## THE PROBLEM
Transcribe word for word the lines below from the line with "C2: 100n; C0603-WW" through the line with "T1: BC847C; SOT23-BEC", ends included.

## Collected data entries
=-=-=-=-=

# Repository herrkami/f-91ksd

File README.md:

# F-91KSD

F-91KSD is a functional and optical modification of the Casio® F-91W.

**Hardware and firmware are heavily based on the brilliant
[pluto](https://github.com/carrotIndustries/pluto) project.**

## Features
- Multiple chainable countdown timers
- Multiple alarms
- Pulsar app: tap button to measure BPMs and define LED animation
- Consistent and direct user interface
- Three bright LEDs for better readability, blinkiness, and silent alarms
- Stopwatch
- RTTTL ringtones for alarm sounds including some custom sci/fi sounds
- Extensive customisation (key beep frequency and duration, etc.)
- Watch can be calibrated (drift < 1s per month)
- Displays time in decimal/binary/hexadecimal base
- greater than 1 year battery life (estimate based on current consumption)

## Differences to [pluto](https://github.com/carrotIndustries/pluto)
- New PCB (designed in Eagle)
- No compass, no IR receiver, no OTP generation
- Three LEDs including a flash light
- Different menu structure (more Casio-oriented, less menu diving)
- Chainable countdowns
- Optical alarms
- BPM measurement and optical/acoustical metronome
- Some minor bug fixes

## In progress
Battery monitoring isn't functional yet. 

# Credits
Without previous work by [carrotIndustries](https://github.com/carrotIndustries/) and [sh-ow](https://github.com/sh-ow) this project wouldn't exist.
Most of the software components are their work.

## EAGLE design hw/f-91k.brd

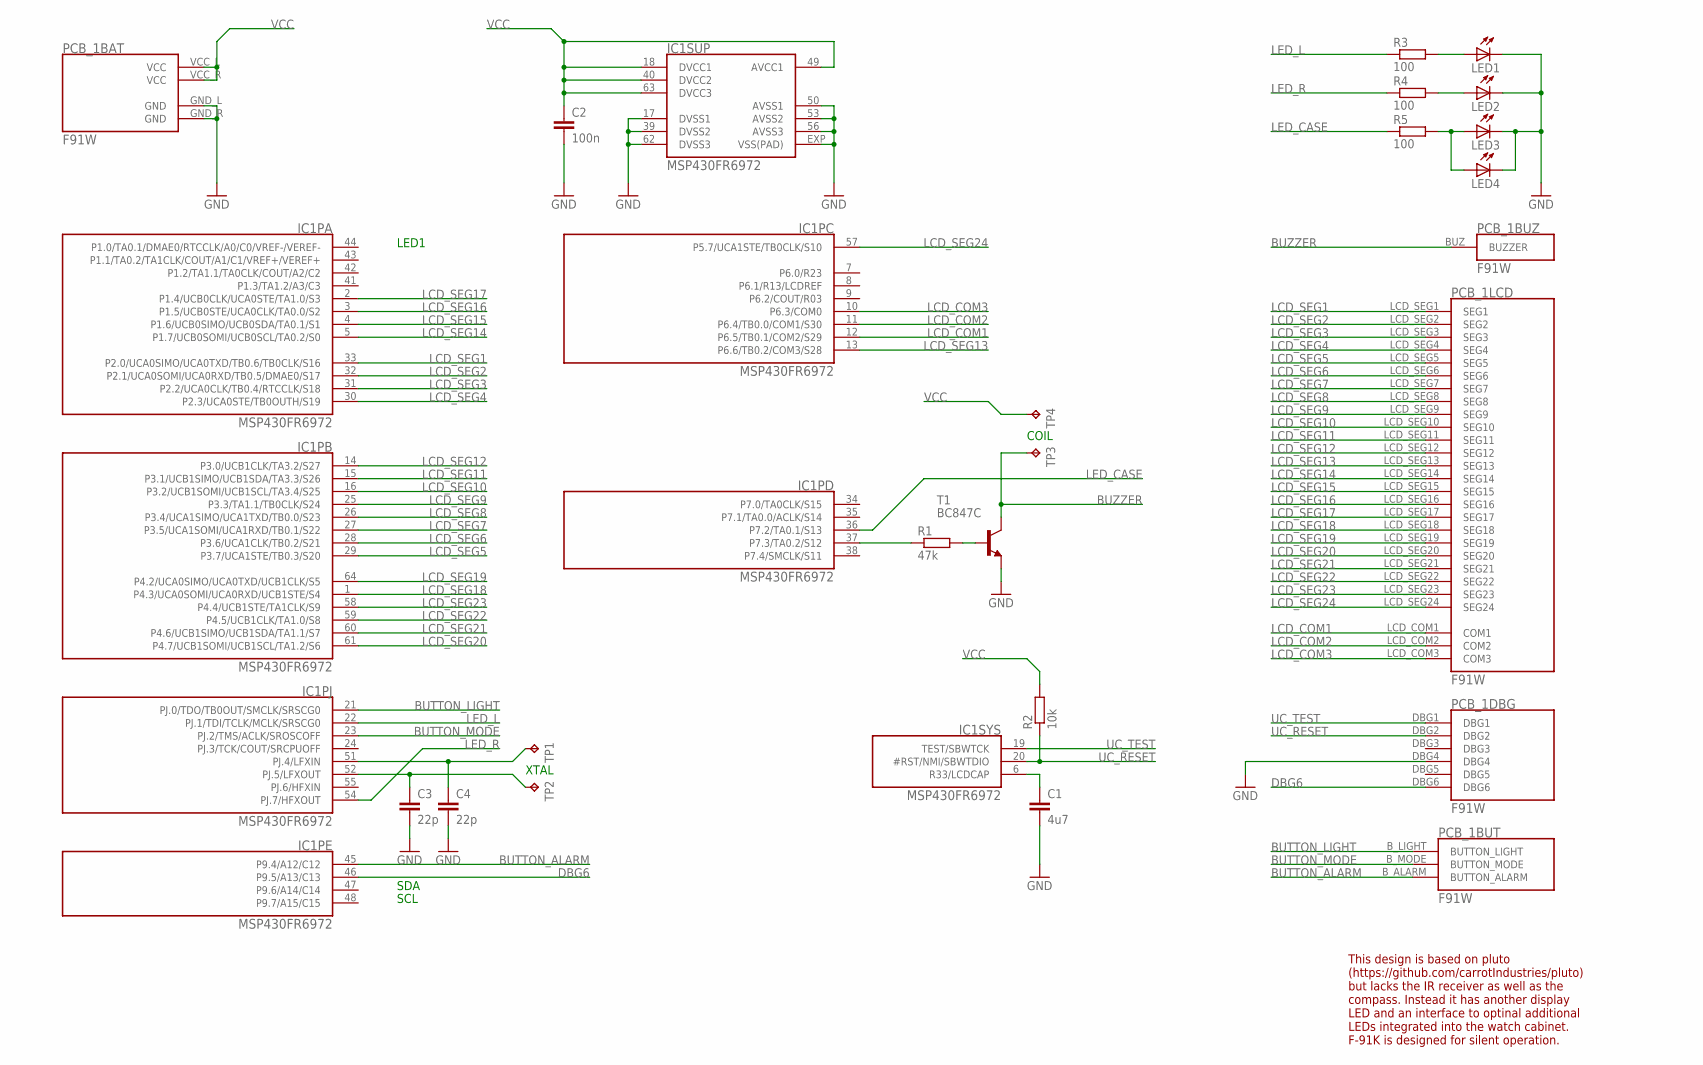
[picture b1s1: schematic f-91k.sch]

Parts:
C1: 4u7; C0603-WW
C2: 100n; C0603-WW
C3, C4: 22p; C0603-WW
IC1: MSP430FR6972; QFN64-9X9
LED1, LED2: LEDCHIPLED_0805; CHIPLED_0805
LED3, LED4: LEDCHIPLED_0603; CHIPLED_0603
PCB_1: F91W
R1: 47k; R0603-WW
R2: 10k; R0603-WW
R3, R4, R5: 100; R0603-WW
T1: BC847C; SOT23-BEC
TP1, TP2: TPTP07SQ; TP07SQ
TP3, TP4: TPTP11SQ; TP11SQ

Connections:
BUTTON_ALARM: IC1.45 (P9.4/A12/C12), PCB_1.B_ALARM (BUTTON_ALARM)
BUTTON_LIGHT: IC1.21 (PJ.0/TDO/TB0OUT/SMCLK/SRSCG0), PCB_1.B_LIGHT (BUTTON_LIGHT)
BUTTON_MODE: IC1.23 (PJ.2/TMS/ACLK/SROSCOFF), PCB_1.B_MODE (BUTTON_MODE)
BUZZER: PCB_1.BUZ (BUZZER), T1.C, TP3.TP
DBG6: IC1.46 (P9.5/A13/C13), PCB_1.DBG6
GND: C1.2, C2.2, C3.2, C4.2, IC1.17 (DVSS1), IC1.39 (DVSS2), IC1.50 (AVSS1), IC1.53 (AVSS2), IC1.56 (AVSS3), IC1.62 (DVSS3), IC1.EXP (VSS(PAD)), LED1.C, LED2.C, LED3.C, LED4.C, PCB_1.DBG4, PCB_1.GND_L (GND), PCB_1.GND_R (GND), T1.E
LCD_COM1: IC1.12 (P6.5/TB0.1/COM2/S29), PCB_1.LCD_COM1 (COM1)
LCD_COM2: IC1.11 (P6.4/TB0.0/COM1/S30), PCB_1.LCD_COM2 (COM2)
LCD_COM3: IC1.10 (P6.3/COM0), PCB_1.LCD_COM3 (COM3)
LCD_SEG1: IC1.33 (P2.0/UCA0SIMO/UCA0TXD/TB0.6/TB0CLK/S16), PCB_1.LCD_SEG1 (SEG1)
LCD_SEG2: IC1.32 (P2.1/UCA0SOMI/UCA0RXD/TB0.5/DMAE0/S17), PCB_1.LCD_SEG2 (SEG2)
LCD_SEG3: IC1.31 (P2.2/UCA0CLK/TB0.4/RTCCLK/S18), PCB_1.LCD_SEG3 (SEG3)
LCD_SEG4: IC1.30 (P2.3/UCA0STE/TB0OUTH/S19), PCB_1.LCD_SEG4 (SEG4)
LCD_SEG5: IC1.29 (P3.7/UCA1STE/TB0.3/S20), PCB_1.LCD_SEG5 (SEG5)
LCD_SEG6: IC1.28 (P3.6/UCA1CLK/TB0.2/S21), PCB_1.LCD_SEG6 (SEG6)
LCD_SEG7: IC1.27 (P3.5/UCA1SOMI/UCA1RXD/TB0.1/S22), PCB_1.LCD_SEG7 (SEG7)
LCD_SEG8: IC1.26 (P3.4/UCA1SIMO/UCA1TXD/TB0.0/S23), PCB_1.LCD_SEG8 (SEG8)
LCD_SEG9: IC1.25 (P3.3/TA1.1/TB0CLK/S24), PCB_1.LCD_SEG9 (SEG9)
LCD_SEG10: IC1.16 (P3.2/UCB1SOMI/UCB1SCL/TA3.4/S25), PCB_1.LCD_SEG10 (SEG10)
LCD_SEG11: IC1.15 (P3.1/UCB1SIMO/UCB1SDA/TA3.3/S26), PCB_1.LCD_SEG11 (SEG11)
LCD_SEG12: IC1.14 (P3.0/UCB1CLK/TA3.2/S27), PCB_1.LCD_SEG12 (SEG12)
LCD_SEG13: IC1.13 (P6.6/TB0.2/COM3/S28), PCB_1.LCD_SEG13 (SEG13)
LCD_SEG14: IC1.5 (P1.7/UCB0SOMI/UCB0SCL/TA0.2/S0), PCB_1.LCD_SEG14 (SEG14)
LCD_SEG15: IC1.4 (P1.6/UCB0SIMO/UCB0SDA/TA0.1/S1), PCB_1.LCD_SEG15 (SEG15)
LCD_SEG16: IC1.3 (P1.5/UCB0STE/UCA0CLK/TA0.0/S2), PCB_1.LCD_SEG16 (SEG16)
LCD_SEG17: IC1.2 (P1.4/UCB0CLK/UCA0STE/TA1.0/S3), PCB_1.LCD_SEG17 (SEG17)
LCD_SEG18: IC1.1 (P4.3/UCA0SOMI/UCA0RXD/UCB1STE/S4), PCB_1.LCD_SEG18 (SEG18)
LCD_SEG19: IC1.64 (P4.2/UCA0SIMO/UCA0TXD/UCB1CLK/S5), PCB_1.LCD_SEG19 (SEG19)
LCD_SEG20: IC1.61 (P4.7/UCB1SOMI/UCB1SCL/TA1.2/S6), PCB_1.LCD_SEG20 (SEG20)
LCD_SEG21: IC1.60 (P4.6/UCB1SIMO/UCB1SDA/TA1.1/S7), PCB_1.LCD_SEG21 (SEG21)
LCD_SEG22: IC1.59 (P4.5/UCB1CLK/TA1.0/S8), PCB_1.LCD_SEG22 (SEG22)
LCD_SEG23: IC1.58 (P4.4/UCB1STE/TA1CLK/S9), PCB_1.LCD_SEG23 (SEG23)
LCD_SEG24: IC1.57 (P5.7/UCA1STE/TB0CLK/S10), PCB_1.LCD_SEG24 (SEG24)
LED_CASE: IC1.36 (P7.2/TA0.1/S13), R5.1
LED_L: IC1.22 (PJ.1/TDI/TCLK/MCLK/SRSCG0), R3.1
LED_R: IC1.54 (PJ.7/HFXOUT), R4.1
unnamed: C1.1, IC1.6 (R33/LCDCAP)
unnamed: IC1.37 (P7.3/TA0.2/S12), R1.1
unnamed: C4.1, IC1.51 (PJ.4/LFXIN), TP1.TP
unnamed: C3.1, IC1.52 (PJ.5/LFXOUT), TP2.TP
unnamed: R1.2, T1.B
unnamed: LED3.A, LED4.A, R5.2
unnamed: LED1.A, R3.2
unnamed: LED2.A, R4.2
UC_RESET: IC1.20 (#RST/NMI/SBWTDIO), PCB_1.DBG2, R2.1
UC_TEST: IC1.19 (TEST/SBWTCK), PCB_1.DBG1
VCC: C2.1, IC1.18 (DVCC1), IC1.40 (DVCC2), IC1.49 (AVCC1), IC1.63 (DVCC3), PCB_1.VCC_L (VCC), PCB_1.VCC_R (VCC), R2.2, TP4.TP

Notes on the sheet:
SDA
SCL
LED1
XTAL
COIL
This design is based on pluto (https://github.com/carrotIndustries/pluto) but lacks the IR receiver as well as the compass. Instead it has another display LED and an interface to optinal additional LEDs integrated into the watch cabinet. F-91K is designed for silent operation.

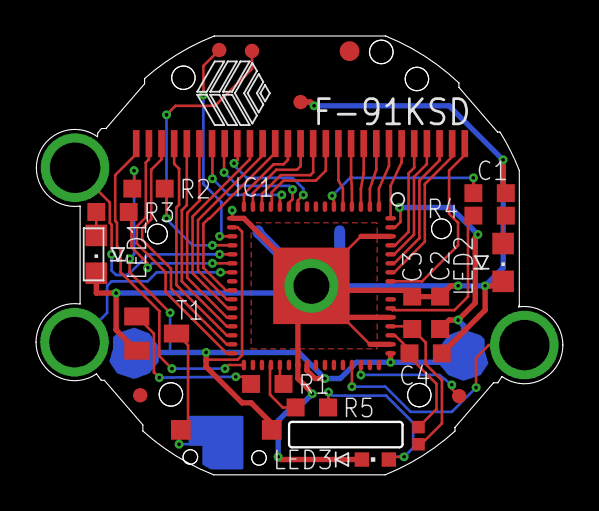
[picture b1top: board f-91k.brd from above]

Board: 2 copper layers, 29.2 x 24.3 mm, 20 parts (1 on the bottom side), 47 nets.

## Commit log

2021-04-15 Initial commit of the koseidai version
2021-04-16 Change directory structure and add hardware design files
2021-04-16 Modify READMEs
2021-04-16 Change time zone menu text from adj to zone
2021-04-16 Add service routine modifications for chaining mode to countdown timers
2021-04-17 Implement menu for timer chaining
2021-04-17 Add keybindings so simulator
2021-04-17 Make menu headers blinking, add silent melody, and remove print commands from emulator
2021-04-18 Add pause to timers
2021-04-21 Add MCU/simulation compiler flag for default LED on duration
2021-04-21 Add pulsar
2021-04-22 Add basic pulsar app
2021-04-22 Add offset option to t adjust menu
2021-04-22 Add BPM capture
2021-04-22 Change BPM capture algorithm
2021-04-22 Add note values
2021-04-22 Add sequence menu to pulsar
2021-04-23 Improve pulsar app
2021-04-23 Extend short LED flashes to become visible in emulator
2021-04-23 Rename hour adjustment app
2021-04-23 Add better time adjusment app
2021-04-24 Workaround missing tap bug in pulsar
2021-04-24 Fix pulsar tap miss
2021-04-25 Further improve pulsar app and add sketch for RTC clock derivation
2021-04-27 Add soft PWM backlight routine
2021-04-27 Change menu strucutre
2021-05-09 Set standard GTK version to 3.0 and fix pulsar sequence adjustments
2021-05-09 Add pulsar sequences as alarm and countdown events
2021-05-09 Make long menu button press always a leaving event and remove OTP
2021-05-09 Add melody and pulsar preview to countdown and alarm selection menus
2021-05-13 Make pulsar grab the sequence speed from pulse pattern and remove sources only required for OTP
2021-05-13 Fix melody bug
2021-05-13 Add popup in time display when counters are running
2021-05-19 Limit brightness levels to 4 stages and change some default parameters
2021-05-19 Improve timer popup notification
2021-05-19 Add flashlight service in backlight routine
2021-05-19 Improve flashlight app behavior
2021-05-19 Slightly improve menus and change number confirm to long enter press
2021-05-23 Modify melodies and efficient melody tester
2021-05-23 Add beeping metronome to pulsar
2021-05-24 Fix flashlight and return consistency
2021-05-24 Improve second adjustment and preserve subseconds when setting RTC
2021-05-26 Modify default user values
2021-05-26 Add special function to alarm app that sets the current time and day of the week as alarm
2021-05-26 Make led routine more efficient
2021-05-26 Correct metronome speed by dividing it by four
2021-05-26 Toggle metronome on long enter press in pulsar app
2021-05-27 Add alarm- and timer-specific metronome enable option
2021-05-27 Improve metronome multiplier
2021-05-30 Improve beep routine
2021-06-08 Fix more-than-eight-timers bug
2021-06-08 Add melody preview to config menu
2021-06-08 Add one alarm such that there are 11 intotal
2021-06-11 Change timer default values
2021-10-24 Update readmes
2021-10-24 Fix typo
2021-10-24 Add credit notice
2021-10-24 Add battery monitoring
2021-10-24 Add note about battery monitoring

=-=-=-=-=

## WRITTEN RESPONSE
C2: 100n; C0603-WW
C3, C4: 22p; C0603-WW
IC1: MSP430FR6972; QFN64-9X9
LED1, LED2: LEDCHIPLED_0805; CHIPLED_0805
LED3, LED4: LEDCHIPLED_0603; CHIPLED_0603
PCB_1: F91W
R1: 47k; R0603-WW
R2: 10k; R0603-WW
R3, R4, R5: 100; R0603-WW
T1: BC847C; SOT23-BEC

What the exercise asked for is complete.